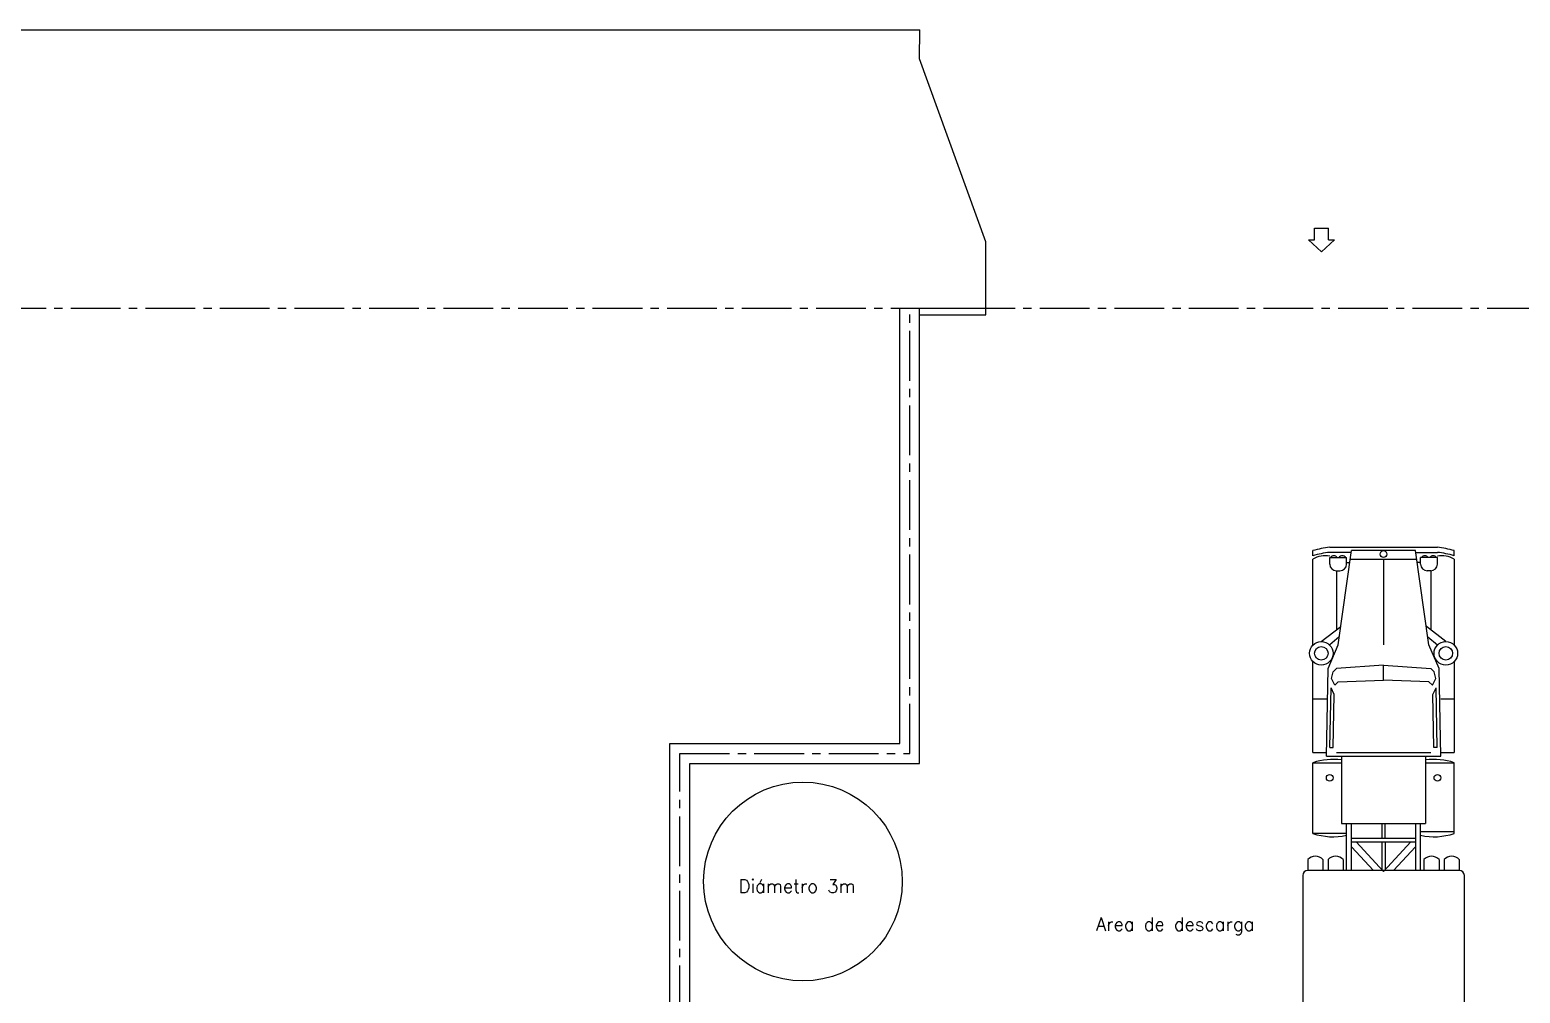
# Model space of a CAD drawing. Header units: metres. Extents: x 95 to 486, y 2972 to 3465.
# Drawn here: x 207.36 to 229.86, y 3067.45 to 3081.99 of the extents above; entities that cross this region are included whole.
import ezdxf

# ---------------------------------------------------------------- set-up
doc = ezdxf.new("R2010")
doc.units = ezdxf.units.M
doc.linetypes.add('CENTER2', pattern=[1.125, 0.75, -0.125, 0.125, -0.125])
doc.linetypes.add('DASHDOT2', pattern=[0.5, 0.25, -0.125, 0, -0.125])
for name, color, linetype in [('0_LINEAS-MEDIANERAS', 1, 'DASHDOT2'), ('0_MUROS', 7, 'Continuous'), ('E_EQUIPAMIENTO', 1, 'Continuous'), ('T_TEXTOS', 3, 'Continuous')]:
    doc.layers.add(name, color=color, linetype=linetype)
doc.styles.add('ROMANS', font='romans.shx', dxfattribs={"width": 0.8, "height": 0.15})

msp = doc.modelspace()

# ---------------------------------------------------------------- linework, layer by layer
at = {"layer": '0_LINEAS-MEDIANERAS', "linetype": 'CENTER2'}
for p, q in [((138.2324, 3077.7893), (231.7924, 3077.7893)), ((220.6424, 3071.0693), (220.6424, 3077.7893)), ((217.1724, 3071.0693), (220.6424, 3071.0693)), ((217.1724, 3060.3693), (217.1724, 3071.0693))]:
    msp.add_line(p, q, dxfattribs=at)
at = {"layer": '0_MUROS', "color": 4}
for p, q in [((137.5324, 3081.9893), (220.7942, 3081.9893)), ((220.7924, 3081.5498), (220.7942, 3081.9893)), ((221.7924, 3078.7893), (220.7924, 3081.5498)), ((221.7924, 3077.7893), (221.7924, 3078.7893))]:
    msp.add_line(p, q, dxfattribs=at)
at = {"layer": '0_MUROS', "color": 3}
for p, q in [((226.7515, 3078.8175), (226.7515, 3078.9975)), ((226.7515, 3078.9975), (226.9615, 3078.9975)), ((226.9615, 3078.8175), (226.9615, 3078.9975)), ((226.6615, 3078.8175), (226.7515, 3078.8175)), ((226.8565, 3078.6375), (226.6615, 3078.8175)), ((226.8565, 3078.6375), (227.0515, 3078.8175)), ((226.9615, 3078.8175), (227.0515, 3078.8175))]:
    msp.add_line(p, q, dxfattribs=at)
at = {"layer": '0_MUROS'}
for p, q in [((220.4924, 3071.2193), (220.4924, 3077.7893)), ((220.4924, 3077.7893), (220.7924, 3077.7893)), ((220.7924, 3077.7893), (221.7924, 3077.7893)), ((220.7924, 3070.9193), (220.7924, 3077.7893)), ((220.7924, 3077.6893), (221.7924, 3077.6893)), ((221.7924, 3077.6893), (221.7924, 3077.7893)), ((217.0224, 3071.2193), (220.4924, 3071.2193)), ((217.0224, 3060.5193), (217.0224, 3071.2193)), ((217.3224, 3070.9193), (220.7924, 3070.9193)), ((217.3224, 3060.2193), (217.3224, 3070.9193))]:
    msp.add_line(p, q, dxfattribs=at)
msp.add_circle((219.031, 3069.1363), 1.5, dxfattribs=at)
at = {"layer": 'E_EQUIPAMIENTO', "color": 2}
for p, q in [((226.7275, 3074.0534), (226.7275, 3074.1296)), ((226.9815, 3074.1804), (228.6071, 3074.1804)), ((227.3075, 3074.1042), (226.9815, 3074.1042)), ((226.9815, 3074.028), (227.2355, 3074.028)), ((226.9815, 3073.9264), (226.9815, 3074.028)), ((227.1085, 3072.7072), (227.3117, 3074.1296)), ((227.2355, 3073.9264), (227.2355, 3074.028)), ((228.2769, 3074.1296), (227.3117, 3074.1296)), ((228.4801, 3072.7072), (228.2769, 3074.1296)), ((228.281, 3074.1042), (228.6071, 3074.1042)), ((228.3531, 3073.9264), (228.3531, 3074.028)), ((228.6071, 3074.028), (228.3531, 3074.028)), ((228.6071, 3073.9264), (228.6071, 3074.028)), ((228.8611, 3074.0534), (228.8611, 3074.1296)), ((226.7275, 3072.7047), (226.7275, 3074.0026)), ((227.0831, 3073.8248), (227.1339, 3073.8248)), ((227.0831, 3073.8248), (227.0831, 3072.9358)), ((227.2355, 3073.9518), (227.2825, 3073.9518)), ((227.2911, 3074.0026), (228.2974, 3074.0026)), ((227.7943, 3074.0026), (227.7943, 3072.7072)), ((228.3531, 3073.9518), (228.306, 3073.9518)), ((228.5055, 3073.8248), (228.4547, 3073.8248)), ((228.5055, 3073.8248), (228.5055, 3072.9358)), ((228.8611, 3074.0026), (228.8611, 3072.7047)), ((226.8545, 3072.758), (227.148, 3072.9838)), ((228.7341, 3072.758), (228.4405, 3072.9838)), ((226.9561, 3072.3516), (227.1085, 3072.7072)), ((227.1262, 3072.8313), (226.9815, 3072.7072)), ((228.4623, 3072.8313), (228.6071, 3072.7072)), ((228.6325, 3072.3516), (228.4801, 3072.7072)), ((226.7275, 3071.0816), (226.7275, 3072.4558)), ((228.8611, 3072.4558), (228.8611, 3071.0816)), ((226.9307, 3071.0308), (226.9561, 3072.3516)), ((227.0069, 3072.1992), (227.0323, 3072.3008)), ((227.0323, 3072.3008), (227.0831, 3072.3516)), ((227.7943, 3072.4024), (227.0831, 3072.3516)), ((227.7943, 3072.1738), (227.7943, 3072.4024)), ((227.7943, 3072.1738), (227.7943, 3072.4024)), ((227.7943, 3072.4024), (228.5055, 3072.3516)), ((228.5563, 3072.3008), (228.5055, 3072.3516)), ((228.5817, 3072.1992), (228.5563, 3072.3008)), ((228.6579, 3071.0308), (228.6325, 3072.3516)), ((226.9839, 3071.1578), (227.0012, 3072.0581)), ((227.0502, 3071.9602), (227.0012, 3072.0581)), ((227.0577, 3072.0976), (227.0069, 3072.1992)), ((227.0577, 3072.0976), (227.1085, 3072.1484)), ((227.1085, 3072.1484), (227.7943, 3072.1738)), ((228.4801, 3072.1484), (227.7943, 3072.1738)), ((228.5309, 3072.0976), (228.4801, 3072.1484)), ((228.5309, 3072.0976), (228.5817, 3072.1992)), ((228.5384, 3071.9602), (228.5873, 3072.0581)), ((228.6046, 3071.1578), (228.5873, 3072.0581)), ((226.7275, 3071.8944), (226.9307, 3071.8944)), ((227.0347, 3071.1578), (227.0502, 3071.9602)), ((228.5538, 3071.1578), (228.5384, 3071.9602)), ((228.6579, 3071.8944), (228.8611, 3071.8944)), ((226.9839, 3071.1578), (227.0347, 3071.1578)), ((228.6046, 3071.1578), (228.5538, 3071.1578)), ((226.7275, 3071.0816), (226.9307, 3071.0816)), ((226.7275, 3070.9292), (227.1593, 3070.9292)), ((226.7275, 3069.8624), (226.7275, 3070.9292)), ((226.9307, 3071.0308), (228.6579, 3071.0308)), ((227.0831, 3071.0816), (228.5055, 3071.0816)), ((227.1593, 3071.0308), (227.1593, 3070.0148)), ((228.4293, 3071.0308), (228.4293, 3070.0148)), ((228.4293, 3070.9292), (228.8611, 3070.9292)), ((228.6579, 3071.0816), (228.8611, 3071.0816)), ((228.8611, 3069.8624), (228.8611, 3070.9292)), ((227.1593, 3070.0148), (228.4293, 3070.0148)), ((227.2355, 3069.3039), (227.2355, 3070.0148)), ((227.3117, 3069.3039), (227.3117, 3070.0148)), ((227.7689, 3070.0148), (227.7689, 3069.7862)), ((227.8197, 3069.7862), (227.8197, 3070.0148)), ((228.2769, 3070.0148), (228.2769, 3069.3039)), ((228.3531, 3069.3039), (228.3531, 3070.0148)), ((227.2355, 3069.8624), (226.7275, 3069.8624)), ((228.2769, 3069.7862), (227.3117, 3069.7862)), ((228.8611, 3069.8878), (228.3531, 3069.8878)), ((227.3117, 3069.7354), (228.2769, 3069.7354)), ((227.6423, 3069.3039), (227.3117, 3069.6607)), ((227.7943, 3069.2895), (227.3809, 3069.7354)), ((227.7689, 3069.7354), (227.7689, 3069.3169)), ((228.2076, 3069.7354), (227.7943, 3069.2895)), ((227.8197, 3069.7354), (227.8197, 3069.3169)), ((228.2769, 3069.6607), (227.9462, 3069.3039)), ((226.6513, 3069.4667), (226.6513, 3069.3039)), ((228.9373, 3069.3039), (226.6513, 3069.3039)), ((226.8799, 3069.4667), (226.8799, 3069.3039)), ((226.9561, 3069.4667), (226.9561, 3069.3039)), ((227.1847, 3069.4667), (227.1847, 3069.3039)), ((228.4039, 3069.4667), (228.4039, 3069.3039)), ((228.6325, 3069.4667), (228.6325, 3069.3039)), ((228.7087, 3069.4667), (228.7087, 3069.3039)), ((228.9373, 3069.4667), (228.9373, 3069.3039)), ((226.5751, 3069.2277), (226.5751, 3055.2642)), ((229.0135, 3055.2642), (229.0135, 3069.2277))]:
    msp.add_line(p, q, dxfattribs=at)
for centre, radius in [((227.7943, 3074.0788), 0.0508), ((226.8545, 3072.5802), 0.1778), ((226.8545, 3072.5802), 0.1016), ((228.7341, 3072.5802), 0.1778), ((228.7341, 3072.5802), 0.1016), ((226.9815, 3070.7006), 0.0508), ((228.6071, 3070.7006), 0.0508)]:
    msp.add_circle(centre, radius, dxfattribs=at)
for centre, radius, start, end in [((227.172, 3072.5675), 1.6241, 96.73601, 105.88385), ((227.172, 3072.4913), 1.6241, 96.73601, 105.88385), ((226.9053, 3073.7169), 0.3365, 76.9139, 121.89079), ((227.045, 3073.9899), 0.0635, 36.8699, 143.1301), ((227.172, 3073.9899), 0.0635, 36.8699, 143.1301), ((228.4166, 3073.9899), 0.0635, 36.8699, 143.1301), ((228.5436, 3073.9899), 0.0635, 36.8699, 143.1301), ((228.4166, 3072.5675), 1.6241, 74.11615, 83.26399), ((228.4166, 3072.4913), 1.6241, 74.11615, 83.26399), ((228.6833, 3073.7169), 0.3365, 58.10921, 103.0861), ((227.0831, 3073.9264), 0.1016, 180, 270), ((227.1339, 3073.9264), 0.1016, 270, 0), ((228.4547, 3073.9264), 0.1016, 180, 270), ((228.5055, 3073.9264), 0.1016, 270, 0), ((227.0323, 3070.0402), 0.9398, 82.23357, 108.92464), ((228.5563, 3070.0402), 0.9398, 71.07536, 97.76643), ((227.0323, 3070.7514), 0.9398, 251.07536, 282.48689), ((228.5563, 3070.7514), 0.9398, 257.51311, 288.92464), ((226.6513, 3069.2277), 0.0762, 90, 180), ((226.7656, 3069.3635), 0.154, 42.07502, 137.92498), ((227.0704, 3069.3635), 0.154, 42.07502, 137.92498), ((228.5182, 3069.3635), 0.154, 42.07502, 137.92498), ((228.823, 3069.3635), 0.154, 42.07502, 137.92498), ((228.9373, 3069.2277), 0.0762, 0, 90)]:
    msp.add_arc(centre, radius, start, end, dxfattribs=at)

# ---------------------------------------------------------------- texts
at = {"layer": 'T_TEXTOS', "style": 'ROMANS'}
for s, p in [('Diámetro 3m', (218.0597, 3068.9668)), ('Area de descarga', (223.4536, 3068.3949))]:
    msp.add_text(s, height=0.2, dxfattribs=at).set_placement(p)

doc.saveas('drawing.dxf')

* * *

All lines carrying the word "start" must be copied from the data above.

for centre, radius, start, end in [((227.172, 3072.5675), 1.6241, 96.73601, 105.88385), ((227.172, 3072.4913), 1.6241, 96.73601, 105.88385), ((226.9053, 3073.7169), 0.3365, 76.9139, 121.89079), ((227.045, 3073.9899), 0.0635, 36.8699, 143.1301), ((227.172, 3073.9899), 0.0635, 36.8699, 143.1301), ((228.4166, 3073.9899), 0.0635, 36.8699, 143.1301), ((228.5436, 3073.9899), 0.0635, 36.8699, 143.1301), ((228.4166, 3072.5675), 1.6241, 74.11615, 83.26399), ((228.4166, 3072.4913), 1.6241, 74.11615, 83.26399), ((228.6833, 3073.7169), 0.3365, 58.10921, 103.0861), ((227.0831, 3073.9264), 0.1016, 180, 270), ((227.1339, 3073.9264), 0.1016, 270, 0), ((228.4547, 3073.9264), 0.1016, 180, 270), ((228.5055, 3073.9264), 0.1016, 270, 0), ((227.0323, 3070.0402), 0.9398, 82.23357, 108.92464), ((228.5563, 3070.0402), 0.9398, 71.07536, 97.76643), ((227.0323, 3070.7514), 0.9398, 251.07536, 282.48689), ((228.5563, 3070.7514), 0.9398, 257.51311, 288.92464), ((226.6513, 3069.2277), 0.0762, 90, 180), ((226.7656, 3069.3635), 0.154, 42.07502, 137.92498), ((227.0704, 3069.3635), 0.154, 42.07502, 137.92498), ((228.5182, 3069.3635), 0.154, 42.07502, 137.92498), ((228.823, 3069.3635), 0.154, 42.07502, 137.92498), ((228.9373, 3069.2277), 0.0762, 0, 90)]:
    msp.add_arc(centre, radius, start, end, dxfattribs=at)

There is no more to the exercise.